[Saved data entries]
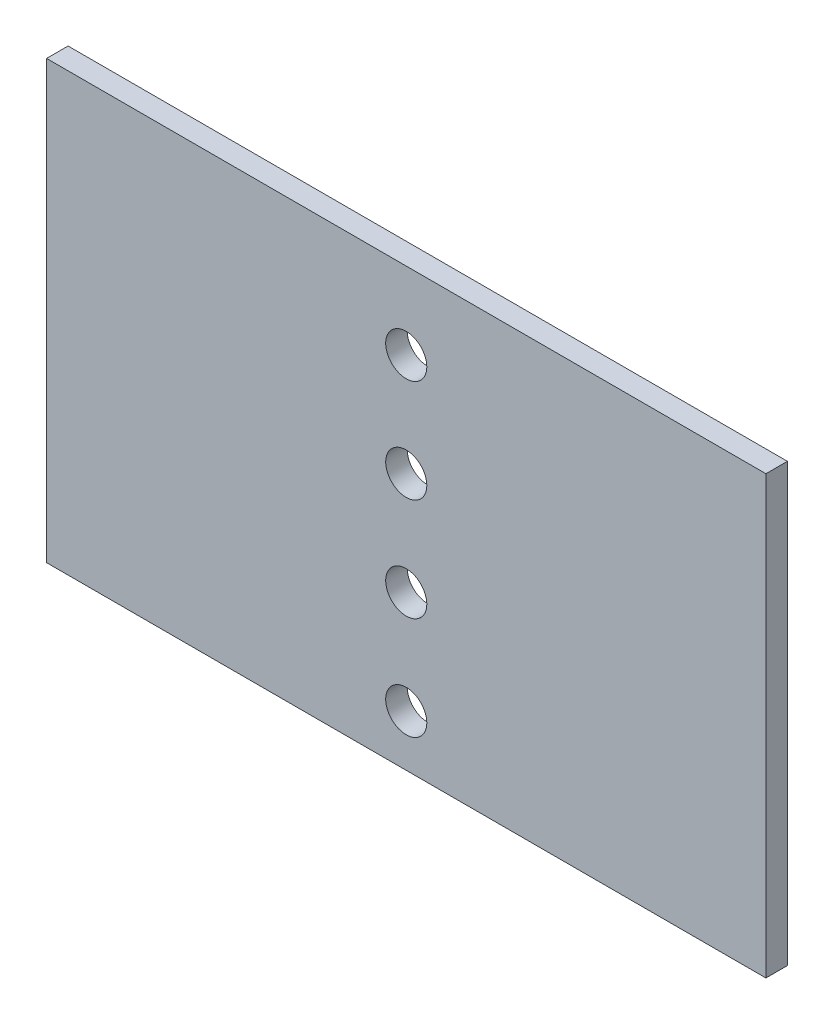
ISO-10303-21;
HEADER;
FILE_DESCRIPTION(('STEP AP214'),'2;1');
FILE_NAME('part.step','',(''),(''),'','','');
FILE_SCHEMA(('AUTOMOTIVE_DESIGN { 1 0 10303 214 1 1 1 1 }'));
ENDSEC;
DATA;
#1=APPLICATION_CONTEXT('core data for automotive mechanical design processes');
#2=APPLICATION_PROTOCOL_DEFINITION('international standard','automotive_design',2000,#1);
#3=PRODUCT_CONTEXT('',#1,'mechanical');
#4=PRODUCT('Part','Part','',(#3));
#5=PRODUCT_RELATED_PRODUCT_CATEGORY('part','',(#4));
#6=PRODUCT_DEFINITION_FORMATION('','',#4);
#7=PRODUCT_DEFINITION_CONTEXT('part definition',#1,'design');
#8=PRODUCT_DEFINITION('design','',#6,#7);
#9=PRODUCT_DEFINITION_SHAPE('','',#8);
#10=(LENGTH_UNIT() NAMED_UNIT(*) SI_UNIT(.MILLI.,.METRE.));
#11=(NAMED_UNIT(*) PLANE_ANGLE_UNIT() SI_UNIT($,.RADIAN.));
#12=(NAMED_UNIT(*) SI_UNIT($,.STERADIAN.) SOLID_ANGLE_UNIT());
#13=UNCERTAINTY_MEASURE_WITH_UNIT(LENGTH_MEASURE(1.E-05),#10,'distance_accuracy_value','');
#14=(GEOMETRIC_REPRESENTATION_CONTEXT(3) GLOBAL_UNCERTAINTY_ASSIGNED_CONTEXT((#13)) GLOBAL_UNIT_ASSIGNED_CONTEXT((#10,
#11,#12)) REPRESENTATION_CONTEXT('',''));
#15=CARTESIAN_POINT('',(0.,0.,0.));
#16=DIRECTION('',(0.,0.,1.));
#17=DIRECTION('',(1.,0.,0.));
#18=AXIS2_PLACEMENT_3D('',#15,#16,#17);
#19=CARTESIAN_POINT('',(0.,0.,2.65684));
#20=DIRECTION('',(1.,0.,0.));
#21=DIRECTION('',(0.,0.,-1.));
#22=AXIS2_PLACEMENT_3D('',#19,#20,#21);
#23=PLANE('',#22);
#24=DIRECTION('',(0.,-1.,0.));
#25=VECTOR('',#24,1.);
#26=CARTESIAN_POINT('',(0.,0.,0.));
#27=LINE('',#26,#25);
#28=CARTESIAN_POINT('',(0.,53.975,0.));
#29=VERTEX_POINT('',#28);
#30=CARTESIAN_POINT('',(0.,0.,0.));
#31=VERTEX_POINT('',#30);
#32=EDGE_CURVE('E107',#29,#31,#27,.T.);
#33=ORIENTED_EDGE('',*,*,#32,.T.);
#34=DIRECTION('',(0.,0.,-1.));
#35=VECTOR('',#34,1.);
#36=CARTESIAN_POINT('',(0.,0.,2.65684));
#37=LINE('',#36,#35);
#38=CARTESIAN_POINT('',(0.,0.,2.65684));
#39=VERTEX_POINT('',#38);
#40=EDGE_CURVE('E11',#39,#31,#37,.T.);
#41=ORIENTED_EDGE('',*,*,#40,.F.);
#42=DIRECTION('',(0.,-1.,0.));
#43=VECTOR('',#42,1.);
#44=CARTESIAN_POINT('',(0.,0.,2.65684));
#45=LINE('',#44,#43);
#46=CARTESIAN_POINT('',(0.,53.975,2.65684));
#47=VERTEX_POINT('',#46);
#48=EDGE_CURVE('E91',#47,#39,#45,.T.);
#49=ORIENTED_EDGE('',*,*,#48,.F.);
#50=DIRECTION('',(0.,0.,-1.));
#51=VECTOR('',#50,1.);
#52=CARTESIAN_POINT('',(0.,53.975,2.65684));
#53=LINE('',#52,#51);
#54=EDGE_CURVE('E103',#47,#29,#53,.T.);
#55=ORIENTED_EDGE('',*,*,#54,.T.);
#56=EDGE_LOOP('',(#33,#41,#49,#55));
#57=FACE_BOUND('',#56,.T.);
#58=ADVANCED_FACE('F39',(#57),#23,.F.);
#59=CARTESIAN_POINT('',(0.,0.,2.65684));
#60=DIRECTION('',(0.,1.,0.));
#61=DIRECTION('',(0.,0.,1.));
#62=AXIS2_PLACEMENT_3D('',#59,#60,#61);
#63=PLANE('',#62);
#64=DIRECTION('',(1.,0.,0.));
#65=VECTOR('',#64,1.);
#66=CARTESIAN_POINT('',(0.,0.,0.));
#67=LINE('',#66,#65);
#68=CARTESIAN_POINT('',(88.9,0.,0.));
#69=VERTEX_POINT('',#68);
#70=EDGE_CURVE('E96',#31,#69,#67,.T.);
#71=ORIENTED_EDGE('',*,*,#70,.T.);
#72=DIRECTION('',(0.,0.,-1.));
#73=VECTOR('',#72,1.);
#74=CARTESIAN_POINT('',(88.9,0.,2.65684));
#75=LINE('',#74,#73);
#76=CARTESIAN_POINT('',(88.9,0.,2.65684));
#77=VERTEX_POINT('',#76);
#78=EDGE_CURVE('E48',#77,#69,#75,.T.);
#79=ORIENTED_EDGE('',*,*,#78,.F.);
#80=DIRECTION('',(1.,0.,0.));
#81=VECTOR('',#80,1.);
#82=CARTESIAN_POINT('',(0.,0.,2.65684));
#83=LINE('',#82,#81);
#84=EDGE_CURVE('E86',#39,#77,#83,.T.);
#85=ORIENTED_EDGE('',*,*,#84,.F.);
#86=ORIENTED_EDGE('',*,*,#40,.T.);
#87=EDGE_LOOP('',(#71,#79,#85,#86));
#88=FACE_BOUND('',#87,.T.);
#89=ADVANCED_FACE('F95',(#88),#63,.F.);
#90=CARTESIAN_POINT('',(88.9,0.,2.65684));
#91=DIRECTION('',(-1.,0.,0.));
#92=DIRECTION('',(0.,0.,1.));
#93=AXIS2_PLACEMENT_3D('',#90,#91,#92);
#94=PLANE('',#93);
#95=DIRECTION('',(0.,1.,0.));
#96=VECTOR('',#95,1.);
#97=CARTESIAN_POINT('',(88.9,0.,0.));
#98=LINE('',#97,#96);
#99=CARTESIAN_POINT('',(88.9,53.975,0.));
#100=VERTEX_POINT('',#99);
#101=EDGE_CURVE('E73',#69,#100,#98,.T.);
#102=ORIENTED_EDGE('',*,*,#101,.T.);
#103=DIRECTION('',(0.,0.,-1.));
#104=VECTOR('',#103,1.);
#105=CARTESIAN_POINT('',(88.9,53.975,2.65684));
#106=LINE('',#105,#104);
#107=CARTESIAN_POINT('',(88.9,53.975,2.65684));
#108=VERTEX_POINT('',#107);
#109=EDGE_CURVE('E98',#108,#100,#106,.T.);
#110=ORIENTED_EDGE('',*,*,#109,.F.);
#111=DIRECTION('',(0.,1.,0.));
#112=VECTOR('',#111,1.);
#113=CARTESIAN_POINT('',(88.9,0.,2.65684));
#114=LINE('',#113,#112);
#115=EDGE_CURVE('E89',#77,#108,#114,.T.);
#116=ORIENTED_EDGE('',*,*,#115,.F.);
#117=ORIENTED_EDGE('',*,*,#78,.T.);
#118=EDGE_LOOP('',(#102,#110,#116,#117));
#119=FACE_BOUND('',#118,.T.);
#120=ADVANCED_FACE('F99',(#119),#94,.F.);
#121=CARTESIAN_POINT('',(0.,53.975,2.65684));
#122=DIRECTION('',(0.,-1.,0.));
#123=DIRECTION('',(0.,0.,-1.));
#124=AXIS2_PLACEMENT_3D('',#121,#122,#123);
#125=PLANE('',#124);
#126=DIRECTION('',(-1.,0.,0.));
#127=VECTOR('',#126,1.);
#128=CARTESIAN_POINT('',(0.,53.975,0.));
#129=LINE('',#128,#127);
#130=EDGE_CURVE('E79',#100,#29,#129,.T.);
#131=ORIENTED_EDGE('',*,*,#130,.T.);
#132=ORIENTED_EDGE('',*,*,#54,.F.);
#133=DIRECTION('',(-1.,0.,0.));
#134=VECTOR('',#133,1.);
#135=CARTESIAN_POINT('',(0.,53.975,2.65684));
#136=LINE('',#135,#134);
#137=EDGE_CURVE('E56',#108,#47,#136,.T.);
#138=ORIENTED_EDGE('',*,*,#137,.F.);
#139=ORIENTED_EDGE('',*,*,#109,.T.);
#140=EDGE_LOOP('',(#131,#132,#138,#139));
#141=FACE_BOUND('',#140,.T.);
#142=ADVANCED_FACE('F121',(#141),#125,.F.);
#143=CARTESIAN_POINT('',(0.,0.,2.65684));
#144=DIRECTION('',(0.,0.,-1.));
#145=DIRECTION('',(-1.,0.,0.));
#146=AXIS2_PLACEMENT_3D('',#143,#144,#145);
#147=PLANE('',#146);
#148=CARTESIAN_POINT('',(44.45,6.35,2.65684));
#149=DIRECTION('',(0.,0.,1.));
#150=DIRECTION('',(1.,0.,0.));
#151=AXIS2_PLACEMENT_3D('',#148,#149,#150);
#152=CIRCLE('',#151,2.54);
#153=CARTESIAN_POINT('',(46.99,6.35,2.65684));
#154=VERTEX_POINT('',#153);
#155=EDGE_CURVE('E152',#154,#154,#152,.T.);
#156=ORIENTED_EDGE('',*,*,#155,.F.);
#157=EDGE_LOOP('',(#156));
#158=FACE_BOUND('',#157,.T.);
#159=CARTESIAN_POINT('',(44.45,19.05,2.65684));
#160=DIRECTION('',(0.,0.,1.));
#161=DIRECTION('',(1.,0.,0.));
#162=AXIS2_PLACEMENT_3D('',#159,#160,#161);
#163=CIRCLE('',#162,2.54);
#164=CARTESIAN_POINT('',(46.99,19.05,2.65684));
#165=VERTEX_POINT('',#164);
#166=EDGE_CURVE('E144',#165,#165,#163,.T.);
#167=ORIENTED_EDGE('',*,*,#166,.F.);
#168=EDGE_LOOP('',(#167));
#169=FACE_BOUND('',#168,.T.);
#170=CARTESIAN_POINT('',(44.45,31.75,2.65684));
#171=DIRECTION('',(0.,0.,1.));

Prompt - From the entries above, restate word for word the lines from the line containing "#92=DIRECTION('',(0.,0.,1.));" to the line containing "#147=PLANE('',#146);", both ends included, and nothing more.

Solution for this exercise -
#92=DIRECTION('',(0.,0.,1.));
#93=AXIS2_PLACEMENT_3D('',#90,#91,#92);
#94=PLANE('',#93);
#95=DIRECTION('',(0.,1.,0.));
#96=VECTOR('',#95,1.);
#97=CARTESIAN_POINT('',(88.9,0.,0.));
#98=LINE('',#97,#96);
#99=CARTESIAN_POINT('',(88.9,53.975,0.));
#100=VERTEX_POINT('',#99);
#101=EDGE_CURVE('E73',#69,#100,#98,.T.);
#102=ORIENTED_EDGE('',*,*,#101,.T.);
#103=DIRECTION('',(0.,0.,-1.));
#104=VECTOR('',#103,1.);
#105=CARTESIAN_POINT('',(88.9,53.975,2.65684));
#106=LINE('',#105,#104);
#107=CARTESIAN_POINT('',(88.9,53.975,2.65684));
#108=VERTEX_POINT('',#107);
#109=EDGE_CURVE('E98',#108,#100,#106,.T.);
#110=ORIENTED_EDGE('',*,*,#109,.F.);
#111=DIRECTION('',(0.,1.,0.));
#112=VECTOR('',#111,1.);
#113=CARTESIAN_POINT('',(88.9,0.,2.65684));
#114=LINE('',#113,#112);
#115=EDGE_CURVE('E89',#77,#108,#114,.T.);
#116=ORIENTED_EDGE('',*,*,#115,.F.);
#117=ORIENTED_EDGE('',*,*,#78,.T.);
#118=EDGE_LOOP('',(#102,#110,#116,#117));
#119=FACE_BOUND('',#118,.T.);
#120=ADVANCED_FACE('F99',(#119),#94,.F.);
#121=CARTESIAN_POINT('',(0.,53.975,2.65684));
#122=DIRECTION('',(0.,-1.,0.));
#123=DIRECTION('',(0.,0.,-1.));
#124=AXIS2_PLACEMENT_3D('',#121,#122,#123);
#125=PLANE('',#124);
#126=DIRECTION('',(-1.,0.,0.));
#127=VECTOR('',#126,1.);
#128=CARTESIAN_POINT('',(0.,53.975,0.));
#129=LINE('',#128,#127);
#130=EDGE_CURVE('E79',#100,#29,#129,.T.);
#131=ORIENTED_EDGE('',*,*,#130,.T.);
#132=ORIENTED_EDGE('',*,*,#54,.F.);
#133=DIRECTION('',(-1.,0.,0.));
#134=VECTOR('',#133,1.);
#135=CARTESIAN_POINT('',(0.,53.975,2.65684));
#136=LINE('',#135,#134);
#137=EDGE_CURVE('E56',#108,#47,#136,.T.);
#138=ORIENTED_EDGE('',*,*,#137,.F.);
#139=ORIENTED_EDGE('',*,*,#109,.T.);
#140=EDGE_LOOP('',(#131,#132,#138,#139));
#141=FACE_BOUND('',#140,.T.);
#142=ADVANCED_FACE('F121',(#141),#125,.F.);
#143=CARTESIAN_POINT('',(0.,0.,2.65684));
#144=DIRECTION('',(0.,0.,-1.));
#145=DIRECTION('',(-1.,0.,0.));
#146=AXIS2_PLACEMENT_3D('',#143,#144,#145);
#147=PLANE('',#146);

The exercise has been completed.